The decisions handed down on July 13, 2021, also shed new light on the tax year for this benefit. It would now be taxable in the year the options or stock purchase warrants are acquired or subscribed to, in accordance with Articles 79 and 82 of the General Tax Code, and not on the date of sale of the financial instrument. This position is very strict because the employee or executive must pay an immediate tax liability without having received any income from the sale of the BSA or the shares resulting from the exercise of the BSA or stock options.

Finally, in February 2024, the Council of State reversed its position on the exclusion of stock subscription warrants from PEA accounts, as specified in the second paragraph of No. 585 of the Official Tax Bulletin (BOI): “Not only are these rights and warrants prohibited from being included in a PEA, butso are the shares that they enable the holder to acquire or subscribe to. Indeed, these rights or warrants may not be registered, exercised, or transferred within the plan” (BOI No. 585, cited above). In its decision of December 8, 2023 (Joint 8th and 3rd Chambers, No. 482922), the Council of State ruled that the BOFIP’s comments add to the law and overturned the judge’s ruling. It clarified that the ineligibility of stock options (BSA) and stock subscription warrants (BSPCE) for the PEA does not preclude investing in the PEA the shares resulting from the exercise of BSPCE or BSA by paying the subscription price using the cash component of one’s PEA.

 

The Shift in Practices Toward Employee Stock Ownership Plans

 

In conclusion, despite attempts at clarification through case law, the tax and social security treatment of stock options (BSA) remains complex and uncertain, depending heavily on the specific terms of grant. This legal uncertainty, combined with the initial investment required of the beneficiary, makes other employee stock ownership plans—which are better regulated legally—more attractive.

Recent case law also highlights the real risk that gains from packages structured as BSA or stock options could be reclassified as salary. In this context, AGADPs (Free Preferred Shares) appear to be attractive alternatives to BSA in the context of “manpacks.” The use of AGADPs has increased significantly, rising from 9% in 2019 to 31% in 2022. However, traditional ratcheted preferred shares remain the most widely used instrument (data from CFNews). It is important to note, however, that the use of AGADPs remains limited by constraints such as the 10% cap on share capital and the minimum grant and vesting period totaling two years. These constraints can pose significant obstacles for certain stakeholders.
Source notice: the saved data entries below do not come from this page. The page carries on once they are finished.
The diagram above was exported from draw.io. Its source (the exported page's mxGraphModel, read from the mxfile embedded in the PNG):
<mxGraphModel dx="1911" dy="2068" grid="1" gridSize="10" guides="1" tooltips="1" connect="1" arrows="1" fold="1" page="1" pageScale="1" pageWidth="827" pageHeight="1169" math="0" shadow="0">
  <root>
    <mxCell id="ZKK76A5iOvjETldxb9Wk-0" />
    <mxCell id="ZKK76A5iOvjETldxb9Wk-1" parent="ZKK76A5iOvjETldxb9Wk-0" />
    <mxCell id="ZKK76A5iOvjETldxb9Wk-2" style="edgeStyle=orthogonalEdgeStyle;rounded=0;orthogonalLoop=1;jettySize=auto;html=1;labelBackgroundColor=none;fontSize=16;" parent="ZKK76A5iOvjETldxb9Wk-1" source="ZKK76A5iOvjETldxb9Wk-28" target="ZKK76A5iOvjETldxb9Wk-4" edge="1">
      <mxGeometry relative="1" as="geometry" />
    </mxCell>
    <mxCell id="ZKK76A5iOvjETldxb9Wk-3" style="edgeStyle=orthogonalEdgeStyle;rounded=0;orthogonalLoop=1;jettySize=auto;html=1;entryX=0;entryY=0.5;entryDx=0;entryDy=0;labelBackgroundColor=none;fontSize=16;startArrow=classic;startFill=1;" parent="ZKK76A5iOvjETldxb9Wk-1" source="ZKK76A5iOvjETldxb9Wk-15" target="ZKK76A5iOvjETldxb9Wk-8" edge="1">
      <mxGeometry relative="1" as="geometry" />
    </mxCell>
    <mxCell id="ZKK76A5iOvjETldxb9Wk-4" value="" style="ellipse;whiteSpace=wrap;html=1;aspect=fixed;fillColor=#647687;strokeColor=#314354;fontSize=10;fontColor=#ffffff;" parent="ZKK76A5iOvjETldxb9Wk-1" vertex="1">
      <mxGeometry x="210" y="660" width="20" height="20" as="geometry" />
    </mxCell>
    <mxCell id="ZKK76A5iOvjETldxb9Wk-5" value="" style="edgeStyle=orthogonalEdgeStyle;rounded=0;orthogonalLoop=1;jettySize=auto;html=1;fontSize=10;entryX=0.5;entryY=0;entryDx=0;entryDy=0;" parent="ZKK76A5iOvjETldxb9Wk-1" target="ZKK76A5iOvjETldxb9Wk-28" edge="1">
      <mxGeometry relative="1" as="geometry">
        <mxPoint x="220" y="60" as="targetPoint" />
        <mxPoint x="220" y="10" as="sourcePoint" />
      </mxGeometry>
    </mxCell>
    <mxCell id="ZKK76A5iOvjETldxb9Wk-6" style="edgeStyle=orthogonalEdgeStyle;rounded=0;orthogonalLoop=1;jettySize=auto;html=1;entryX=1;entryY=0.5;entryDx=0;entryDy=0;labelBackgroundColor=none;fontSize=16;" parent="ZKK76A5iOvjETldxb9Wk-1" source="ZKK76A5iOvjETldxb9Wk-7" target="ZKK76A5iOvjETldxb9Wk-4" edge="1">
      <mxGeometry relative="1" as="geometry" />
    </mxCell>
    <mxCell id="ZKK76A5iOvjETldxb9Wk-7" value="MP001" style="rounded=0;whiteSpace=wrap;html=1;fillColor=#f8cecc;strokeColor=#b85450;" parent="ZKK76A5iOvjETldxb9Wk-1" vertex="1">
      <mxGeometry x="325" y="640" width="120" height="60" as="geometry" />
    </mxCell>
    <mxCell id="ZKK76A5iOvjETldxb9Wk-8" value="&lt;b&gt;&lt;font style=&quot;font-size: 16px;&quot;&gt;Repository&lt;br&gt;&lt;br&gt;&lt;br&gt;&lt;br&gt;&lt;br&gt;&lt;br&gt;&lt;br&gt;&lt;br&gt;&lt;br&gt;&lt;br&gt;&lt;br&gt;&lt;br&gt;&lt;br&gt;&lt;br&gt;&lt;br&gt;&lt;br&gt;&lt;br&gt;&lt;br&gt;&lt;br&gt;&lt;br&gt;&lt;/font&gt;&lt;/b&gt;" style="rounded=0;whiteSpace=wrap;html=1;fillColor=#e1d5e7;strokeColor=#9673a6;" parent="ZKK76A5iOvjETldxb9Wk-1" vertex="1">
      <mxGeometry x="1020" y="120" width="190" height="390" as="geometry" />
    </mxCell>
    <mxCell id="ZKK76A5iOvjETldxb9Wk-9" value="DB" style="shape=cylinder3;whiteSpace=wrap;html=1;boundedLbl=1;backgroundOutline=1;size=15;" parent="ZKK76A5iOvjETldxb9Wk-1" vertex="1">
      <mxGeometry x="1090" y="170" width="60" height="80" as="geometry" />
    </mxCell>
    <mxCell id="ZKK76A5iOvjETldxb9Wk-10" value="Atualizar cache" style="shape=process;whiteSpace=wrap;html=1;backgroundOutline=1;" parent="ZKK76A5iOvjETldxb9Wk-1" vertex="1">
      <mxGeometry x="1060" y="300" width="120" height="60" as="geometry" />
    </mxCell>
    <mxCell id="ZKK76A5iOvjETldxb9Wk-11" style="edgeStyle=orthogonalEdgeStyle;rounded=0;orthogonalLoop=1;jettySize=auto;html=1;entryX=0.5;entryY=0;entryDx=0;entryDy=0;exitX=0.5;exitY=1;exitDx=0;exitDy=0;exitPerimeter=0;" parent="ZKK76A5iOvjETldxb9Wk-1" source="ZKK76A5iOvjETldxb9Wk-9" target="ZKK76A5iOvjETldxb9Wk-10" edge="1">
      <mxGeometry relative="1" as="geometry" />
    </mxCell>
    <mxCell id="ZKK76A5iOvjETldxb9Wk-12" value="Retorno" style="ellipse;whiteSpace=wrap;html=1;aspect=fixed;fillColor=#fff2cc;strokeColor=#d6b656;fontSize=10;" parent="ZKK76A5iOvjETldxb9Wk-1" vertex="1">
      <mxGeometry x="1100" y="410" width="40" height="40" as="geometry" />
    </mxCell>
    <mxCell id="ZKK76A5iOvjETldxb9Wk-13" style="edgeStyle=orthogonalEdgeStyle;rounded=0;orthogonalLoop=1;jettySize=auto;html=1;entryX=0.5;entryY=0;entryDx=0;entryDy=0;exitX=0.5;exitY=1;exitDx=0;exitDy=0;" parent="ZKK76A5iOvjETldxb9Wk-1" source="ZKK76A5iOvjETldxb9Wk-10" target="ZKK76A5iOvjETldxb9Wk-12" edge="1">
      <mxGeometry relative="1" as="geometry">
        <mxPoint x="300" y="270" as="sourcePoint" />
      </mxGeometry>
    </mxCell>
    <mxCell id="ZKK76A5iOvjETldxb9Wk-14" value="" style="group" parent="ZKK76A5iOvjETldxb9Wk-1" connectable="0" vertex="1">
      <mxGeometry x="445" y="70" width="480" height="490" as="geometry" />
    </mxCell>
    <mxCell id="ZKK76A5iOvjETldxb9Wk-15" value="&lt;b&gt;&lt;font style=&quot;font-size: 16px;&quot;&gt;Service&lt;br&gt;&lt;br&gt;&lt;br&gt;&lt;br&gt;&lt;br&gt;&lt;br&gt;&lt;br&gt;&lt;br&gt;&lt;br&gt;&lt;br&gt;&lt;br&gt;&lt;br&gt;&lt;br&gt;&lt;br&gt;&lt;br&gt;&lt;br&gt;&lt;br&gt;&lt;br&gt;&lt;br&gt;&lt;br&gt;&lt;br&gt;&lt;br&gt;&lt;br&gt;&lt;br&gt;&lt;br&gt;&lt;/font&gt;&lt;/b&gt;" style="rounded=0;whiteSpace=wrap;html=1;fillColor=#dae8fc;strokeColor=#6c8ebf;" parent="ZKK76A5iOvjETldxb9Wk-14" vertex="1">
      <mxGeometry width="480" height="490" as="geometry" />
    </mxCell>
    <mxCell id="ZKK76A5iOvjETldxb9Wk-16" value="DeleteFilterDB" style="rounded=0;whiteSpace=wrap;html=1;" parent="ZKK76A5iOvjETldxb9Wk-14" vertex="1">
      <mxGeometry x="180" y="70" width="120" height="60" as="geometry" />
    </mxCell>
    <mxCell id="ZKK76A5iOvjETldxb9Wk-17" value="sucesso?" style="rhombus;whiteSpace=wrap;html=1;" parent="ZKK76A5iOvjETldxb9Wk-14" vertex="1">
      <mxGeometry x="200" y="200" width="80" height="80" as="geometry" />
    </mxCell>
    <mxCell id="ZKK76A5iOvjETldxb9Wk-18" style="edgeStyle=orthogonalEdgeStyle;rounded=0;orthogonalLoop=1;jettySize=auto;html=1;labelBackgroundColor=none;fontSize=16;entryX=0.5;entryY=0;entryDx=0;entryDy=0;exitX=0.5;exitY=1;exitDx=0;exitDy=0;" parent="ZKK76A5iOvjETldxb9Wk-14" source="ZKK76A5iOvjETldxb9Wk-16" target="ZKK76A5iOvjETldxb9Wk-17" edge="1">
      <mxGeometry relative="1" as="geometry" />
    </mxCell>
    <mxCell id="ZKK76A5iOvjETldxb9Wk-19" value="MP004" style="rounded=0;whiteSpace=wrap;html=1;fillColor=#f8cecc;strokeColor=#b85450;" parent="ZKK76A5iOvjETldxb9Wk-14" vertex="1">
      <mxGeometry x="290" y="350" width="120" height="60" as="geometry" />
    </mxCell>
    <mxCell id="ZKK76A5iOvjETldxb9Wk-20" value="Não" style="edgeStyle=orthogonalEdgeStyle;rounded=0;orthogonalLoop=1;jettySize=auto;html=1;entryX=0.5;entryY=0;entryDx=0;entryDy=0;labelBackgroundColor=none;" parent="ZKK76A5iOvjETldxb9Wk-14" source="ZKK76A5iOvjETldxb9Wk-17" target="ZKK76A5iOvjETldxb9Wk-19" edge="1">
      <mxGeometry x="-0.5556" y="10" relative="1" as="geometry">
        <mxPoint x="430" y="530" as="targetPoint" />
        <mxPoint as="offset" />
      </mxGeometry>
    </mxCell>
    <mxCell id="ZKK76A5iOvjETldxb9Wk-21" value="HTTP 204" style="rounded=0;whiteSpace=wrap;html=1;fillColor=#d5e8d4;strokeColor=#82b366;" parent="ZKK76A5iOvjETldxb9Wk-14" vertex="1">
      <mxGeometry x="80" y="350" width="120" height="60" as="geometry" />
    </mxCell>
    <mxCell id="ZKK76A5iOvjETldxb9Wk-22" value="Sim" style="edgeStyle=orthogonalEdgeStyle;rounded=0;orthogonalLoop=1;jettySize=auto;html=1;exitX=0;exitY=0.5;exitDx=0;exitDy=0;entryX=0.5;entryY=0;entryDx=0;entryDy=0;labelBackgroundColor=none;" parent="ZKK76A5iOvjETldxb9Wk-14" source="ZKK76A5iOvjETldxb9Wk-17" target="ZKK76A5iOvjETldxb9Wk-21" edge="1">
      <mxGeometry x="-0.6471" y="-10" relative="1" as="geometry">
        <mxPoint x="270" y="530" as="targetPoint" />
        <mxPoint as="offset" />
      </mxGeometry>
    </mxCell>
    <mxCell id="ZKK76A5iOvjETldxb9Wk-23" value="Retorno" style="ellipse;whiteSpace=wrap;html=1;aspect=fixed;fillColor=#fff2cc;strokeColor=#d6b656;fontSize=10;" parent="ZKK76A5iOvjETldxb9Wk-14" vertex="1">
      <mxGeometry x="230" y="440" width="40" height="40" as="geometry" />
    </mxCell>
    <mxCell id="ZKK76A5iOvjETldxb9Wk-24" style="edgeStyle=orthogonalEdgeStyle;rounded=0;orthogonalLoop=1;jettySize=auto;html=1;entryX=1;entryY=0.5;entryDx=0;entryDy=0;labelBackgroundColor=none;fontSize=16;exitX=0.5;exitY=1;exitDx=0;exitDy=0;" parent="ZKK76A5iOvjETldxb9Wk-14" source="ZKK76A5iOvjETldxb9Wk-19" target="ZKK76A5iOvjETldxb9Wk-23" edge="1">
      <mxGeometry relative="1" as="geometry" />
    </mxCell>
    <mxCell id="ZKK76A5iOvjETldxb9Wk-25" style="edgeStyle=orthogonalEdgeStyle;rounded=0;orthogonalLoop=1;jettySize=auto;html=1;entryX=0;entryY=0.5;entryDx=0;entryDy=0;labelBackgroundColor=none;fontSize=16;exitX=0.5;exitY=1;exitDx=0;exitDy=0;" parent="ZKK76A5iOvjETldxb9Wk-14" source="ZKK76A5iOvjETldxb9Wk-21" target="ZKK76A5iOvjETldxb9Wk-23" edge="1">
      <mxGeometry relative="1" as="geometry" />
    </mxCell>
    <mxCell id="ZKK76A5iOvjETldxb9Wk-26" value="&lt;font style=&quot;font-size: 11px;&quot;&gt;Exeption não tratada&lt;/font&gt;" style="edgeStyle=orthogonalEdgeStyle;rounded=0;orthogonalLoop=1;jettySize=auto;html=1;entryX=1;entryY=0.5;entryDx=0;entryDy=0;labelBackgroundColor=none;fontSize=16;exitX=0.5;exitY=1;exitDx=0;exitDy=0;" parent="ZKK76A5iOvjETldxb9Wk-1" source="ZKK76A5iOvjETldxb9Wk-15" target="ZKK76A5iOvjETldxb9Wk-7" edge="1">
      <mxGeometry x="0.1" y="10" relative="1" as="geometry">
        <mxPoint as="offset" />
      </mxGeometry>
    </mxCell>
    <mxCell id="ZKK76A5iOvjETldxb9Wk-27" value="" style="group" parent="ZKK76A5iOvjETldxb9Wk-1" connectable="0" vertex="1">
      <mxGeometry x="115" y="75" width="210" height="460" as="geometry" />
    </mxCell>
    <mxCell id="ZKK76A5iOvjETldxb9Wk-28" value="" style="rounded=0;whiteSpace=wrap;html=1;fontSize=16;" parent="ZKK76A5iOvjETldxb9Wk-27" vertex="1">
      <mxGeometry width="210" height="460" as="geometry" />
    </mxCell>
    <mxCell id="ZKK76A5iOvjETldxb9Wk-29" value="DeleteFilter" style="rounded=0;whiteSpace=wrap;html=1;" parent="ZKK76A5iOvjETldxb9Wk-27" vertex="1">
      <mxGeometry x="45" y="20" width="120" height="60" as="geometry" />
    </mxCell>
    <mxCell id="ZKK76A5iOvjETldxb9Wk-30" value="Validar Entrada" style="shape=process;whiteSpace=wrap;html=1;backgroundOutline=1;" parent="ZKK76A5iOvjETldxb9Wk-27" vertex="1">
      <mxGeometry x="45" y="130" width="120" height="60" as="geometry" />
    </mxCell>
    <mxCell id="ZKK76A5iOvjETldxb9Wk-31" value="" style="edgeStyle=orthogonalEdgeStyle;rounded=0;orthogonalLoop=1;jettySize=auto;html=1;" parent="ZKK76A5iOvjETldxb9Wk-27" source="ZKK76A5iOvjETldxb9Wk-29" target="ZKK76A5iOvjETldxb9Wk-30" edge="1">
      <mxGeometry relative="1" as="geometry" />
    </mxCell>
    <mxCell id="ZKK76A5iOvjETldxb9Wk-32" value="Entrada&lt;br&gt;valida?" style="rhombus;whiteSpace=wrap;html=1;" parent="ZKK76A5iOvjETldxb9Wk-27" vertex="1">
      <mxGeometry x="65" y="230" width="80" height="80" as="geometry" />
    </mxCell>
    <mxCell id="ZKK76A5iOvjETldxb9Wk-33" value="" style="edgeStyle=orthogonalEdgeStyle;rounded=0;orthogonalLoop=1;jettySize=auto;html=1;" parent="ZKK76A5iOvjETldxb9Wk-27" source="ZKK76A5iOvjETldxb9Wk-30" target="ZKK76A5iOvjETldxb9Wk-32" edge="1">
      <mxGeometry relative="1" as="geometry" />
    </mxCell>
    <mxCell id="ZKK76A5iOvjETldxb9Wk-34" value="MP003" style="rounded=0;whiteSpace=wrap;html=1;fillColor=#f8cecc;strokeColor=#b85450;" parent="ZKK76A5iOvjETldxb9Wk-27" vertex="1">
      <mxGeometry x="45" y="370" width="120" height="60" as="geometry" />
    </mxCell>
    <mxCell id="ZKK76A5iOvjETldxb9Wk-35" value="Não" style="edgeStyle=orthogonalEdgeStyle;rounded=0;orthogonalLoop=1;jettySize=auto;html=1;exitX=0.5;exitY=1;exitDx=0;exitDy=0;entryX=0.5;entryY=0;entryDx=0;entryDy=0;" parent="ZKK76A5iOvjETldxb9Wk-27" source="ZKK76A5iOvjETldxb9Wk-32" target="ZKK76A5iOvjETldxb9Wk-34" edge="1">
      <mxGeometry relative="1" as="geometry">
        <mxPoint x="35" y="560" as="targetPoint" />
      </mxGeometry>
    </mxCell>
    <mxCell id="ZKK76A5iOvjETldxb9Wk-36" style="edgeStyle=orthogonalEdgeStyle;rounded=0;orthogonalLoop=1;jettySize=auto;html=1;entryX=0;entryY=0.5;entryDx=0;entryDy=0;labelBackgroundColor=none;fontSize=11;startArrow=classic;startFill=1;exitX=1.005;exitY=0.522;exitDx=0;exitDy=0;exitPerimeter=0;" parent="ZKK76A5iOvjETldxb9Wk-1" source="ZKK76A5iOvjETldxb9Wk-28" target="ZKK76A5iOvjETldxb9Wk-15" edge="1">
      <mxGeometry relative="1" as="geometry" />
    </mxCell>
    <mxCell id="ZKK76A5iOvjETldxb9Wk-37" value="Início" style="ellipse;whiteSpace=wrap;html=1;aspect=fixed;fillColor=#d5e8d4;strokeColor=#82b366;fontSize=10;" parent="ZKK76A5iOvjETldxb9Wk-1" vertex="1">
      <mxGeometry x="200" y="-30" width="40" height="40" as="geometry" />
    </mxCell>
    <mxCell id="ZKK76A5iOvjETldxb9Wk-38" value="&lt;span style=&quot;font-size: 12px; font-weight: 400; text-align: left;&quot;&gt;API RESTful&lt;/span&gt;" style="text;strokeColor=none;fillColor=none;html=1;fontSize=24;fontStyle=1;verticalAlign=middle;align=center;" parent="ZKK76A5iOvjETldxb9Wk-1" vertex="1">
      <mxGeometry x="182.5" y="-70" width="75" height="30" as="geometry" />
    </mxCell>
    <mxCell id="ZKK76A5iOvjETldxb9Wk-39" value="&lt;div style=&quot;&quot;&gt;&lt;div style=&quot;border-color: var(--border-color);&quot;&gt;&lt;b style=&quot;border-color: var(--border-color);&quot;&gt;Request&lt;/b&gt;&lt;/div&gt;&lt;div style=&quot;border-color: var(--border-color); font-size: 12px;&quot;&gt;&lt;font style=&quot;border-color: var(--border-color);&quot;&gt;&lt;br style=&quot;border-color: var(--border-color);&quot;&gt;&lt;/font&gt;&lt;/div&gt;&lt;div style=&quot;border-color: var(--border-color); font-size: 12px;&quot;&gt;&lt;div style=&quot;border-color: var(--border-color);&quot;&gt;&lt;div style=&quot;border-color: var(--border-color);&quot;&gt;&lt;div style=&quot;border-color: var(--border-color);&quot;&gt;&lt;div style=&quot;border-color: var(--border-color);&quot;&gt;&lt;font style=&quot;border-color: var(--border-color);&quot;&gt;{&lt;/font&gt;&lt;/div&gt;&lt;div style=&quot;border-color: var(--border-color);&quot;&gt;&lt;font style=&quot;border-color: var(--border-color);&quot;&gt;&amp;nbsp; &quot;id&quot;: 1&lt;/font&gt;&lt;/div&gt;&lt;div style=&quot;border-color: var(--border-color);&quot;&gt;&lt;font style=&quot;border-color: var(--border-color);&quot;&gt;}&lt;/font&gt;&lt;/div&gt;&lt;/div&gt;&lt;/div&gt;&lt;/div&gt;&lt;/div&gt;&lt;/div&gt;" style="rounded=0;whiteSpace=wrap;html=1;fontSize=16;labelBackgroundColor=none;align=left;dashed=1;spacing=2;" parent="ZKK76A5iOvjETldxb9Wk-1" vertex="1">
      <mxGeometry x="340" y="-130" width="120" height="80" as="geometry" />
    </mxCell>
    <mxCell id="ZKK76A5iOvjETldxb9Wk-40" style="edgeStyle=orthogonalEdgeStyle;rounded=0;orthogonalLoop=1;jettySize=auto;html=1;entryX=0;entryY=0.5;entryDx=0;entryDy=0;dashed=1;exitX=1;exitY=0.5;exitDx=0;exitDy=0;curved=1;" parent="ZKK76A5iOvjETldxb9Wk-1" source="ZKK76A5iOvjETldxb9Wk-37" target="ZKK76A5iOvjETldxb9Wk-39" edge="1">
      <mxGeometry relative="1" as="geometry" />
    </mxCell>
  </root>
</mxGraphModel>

Furthermore, recent developments in case law regarding stock option warrants (BSA) raise new technical issues. For example, the Council of State stipulates that to avoid double taxation of the gain upon acquisition, the gain upon disposal must be calculated by taking into account “the benefit that might have been taxed” upon acquisition. However, the practical implementation of this calculation method has raised questions when the tax authorities allowed the statute of limitations to expire regarding the taxation of an undeclared salary gain upon entry.

In this uncertain context, it is essential that companies, managers, and shareholders be well-informed and advised on the tax and legal implications of their choices. This will not only minimize risks but also maximize the potential benefits of their equity participation in the company.